Dataset records:
☆ ☆ ☆ ☆ ☆ ☆ ☆
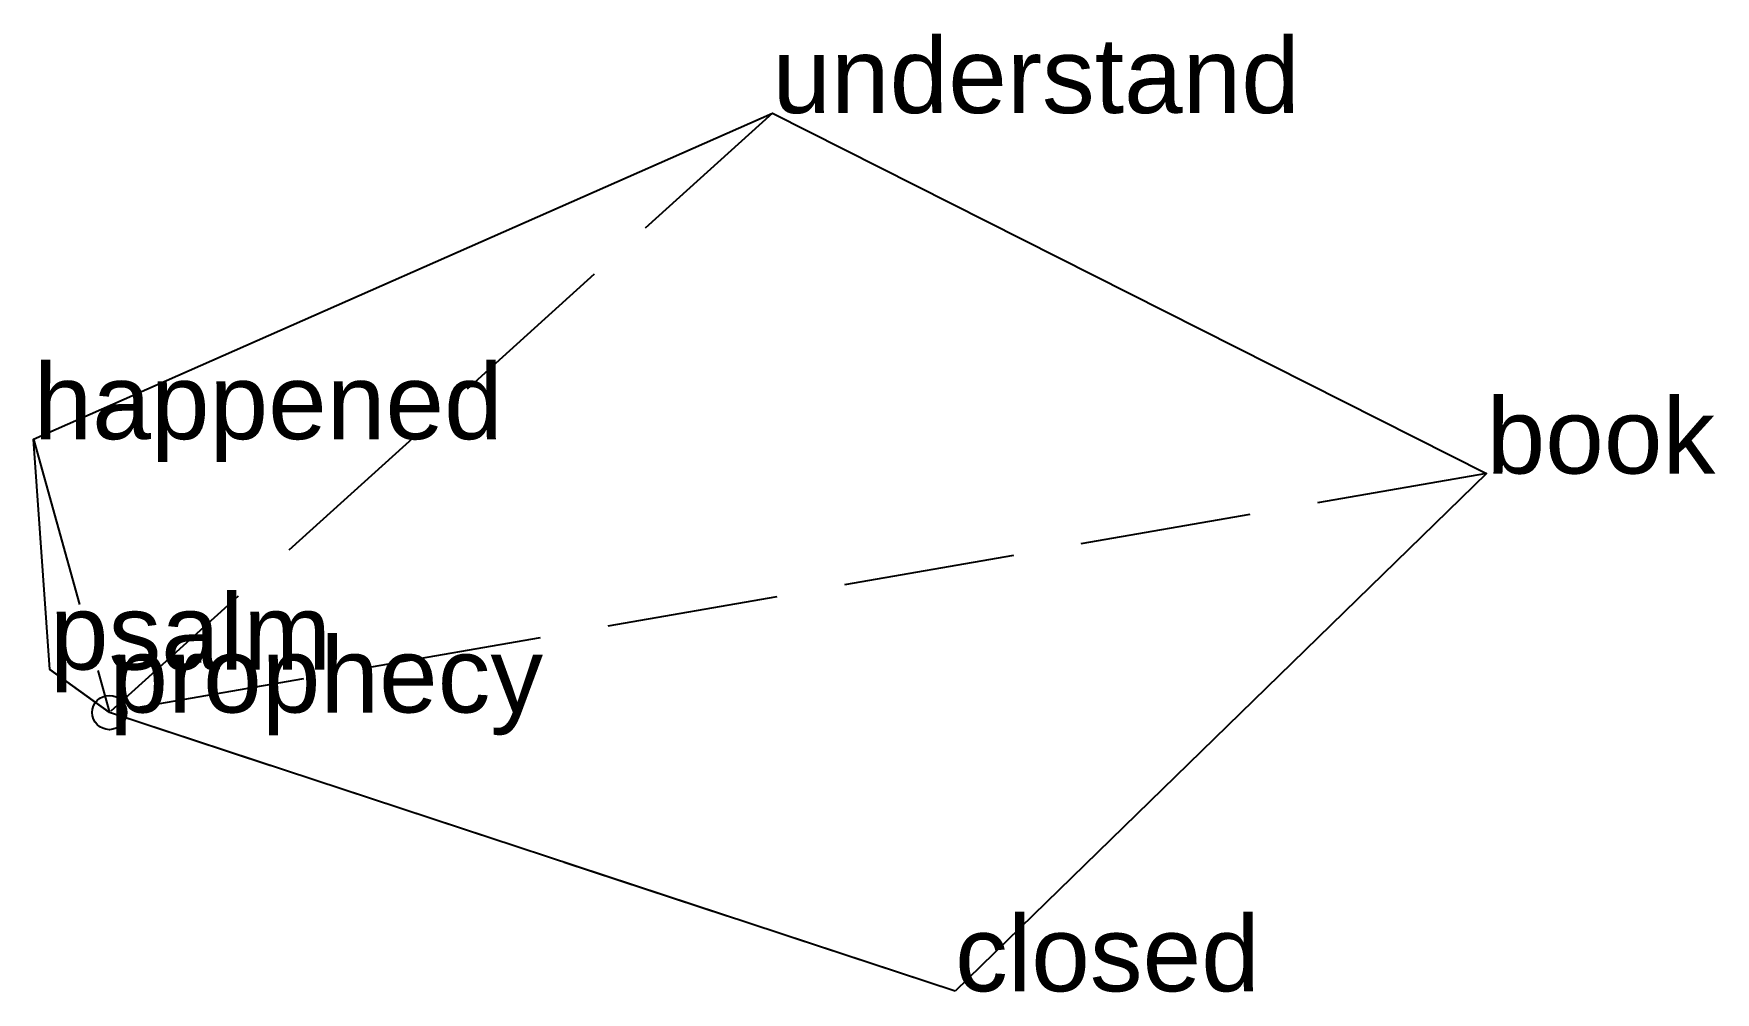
# Model space of a CAD drawing. Extents: x -0.11 to 2.34, y -0.41 to 0.99.
import ezdxf

# ---------------------------------------------------------------- set-up
doc = ezdxf.new("R2010")
doc.units = 0
doc.linetypes.add('DASHED2', pattern=[0.3, 0.25, -0.05])
doc.layers.add('TEXT', color=1, linetype='CONTINUOUS')
doc.styles.get("Standard").update_dxf_attribs({"font": 'arial.ttf'})

msp = doc.modelspace()

# ---------------------------------------------------------------- linework, layer by layer
at = {"linetype": 'DASHED2'}
for p in [(0.9662, 0.8739), (-0.1104, 0.3985), (2.0071, 0.3484), (-0.0867, 0.0626), (0, 0), (1.2325, -0.4064)]:
    msp.add_line(p, (0, 0), dxfattribs=at)
msp.add_circle((0, 0), 0.025)
at = {"layer": 'OUTLINE', "linetype": 'CONTINUOUS'}
msp.add_polyline3d([(1.2325, -0.4064, 0), (0, 0, 0), (-0.0867, 0.0626, 0), (-0.1104, 0.3985, 0), (0.9662, 0.8739, 0), (2.0071, 0.3484, 0), (1.2325, -0.4064, 0)], close=True, dxfattribs=at)

# ---------------------------------------------------------------- texts
at = {"layer": 'TEXT'}
for s, p in [('understand', (0.9662, 0.8739)), ('happened', (-0.1104, 0.3985)), ('book', (2.0071, 0.3484)), ('psalm', (-0.0867, 0.0626)), ('prophecy', (0, 0)), ('closed', (1.2325, -0.4064))]:
    msp.add_text(s, height=0.11, dxfattribs=at).set_placement(p)

doc.saveas('drawing.dxf')
☆ ☆ ☆ ☆ ☆ ☆ ☆
Your assignment: Lines from the one containing "for s, p in" through the final line of the entries are the only ones to print, and each must match exactly.

Solution for this exercise:
for s, p in [('understand', (0.9662, 0.8739)), ('happened', (-0.1104, 0.3985)), ('book', (2.0071, 0.3484)), ('psalm', (-0.0867, 0.0626)), ('prophecy', (0, 0)), ('closed', (1.2325, -0.4064))]:
    msp.add_text(s, height=0.11, dxfattribs=at).set_placement(p)

doc.saveas('drawing.dxf')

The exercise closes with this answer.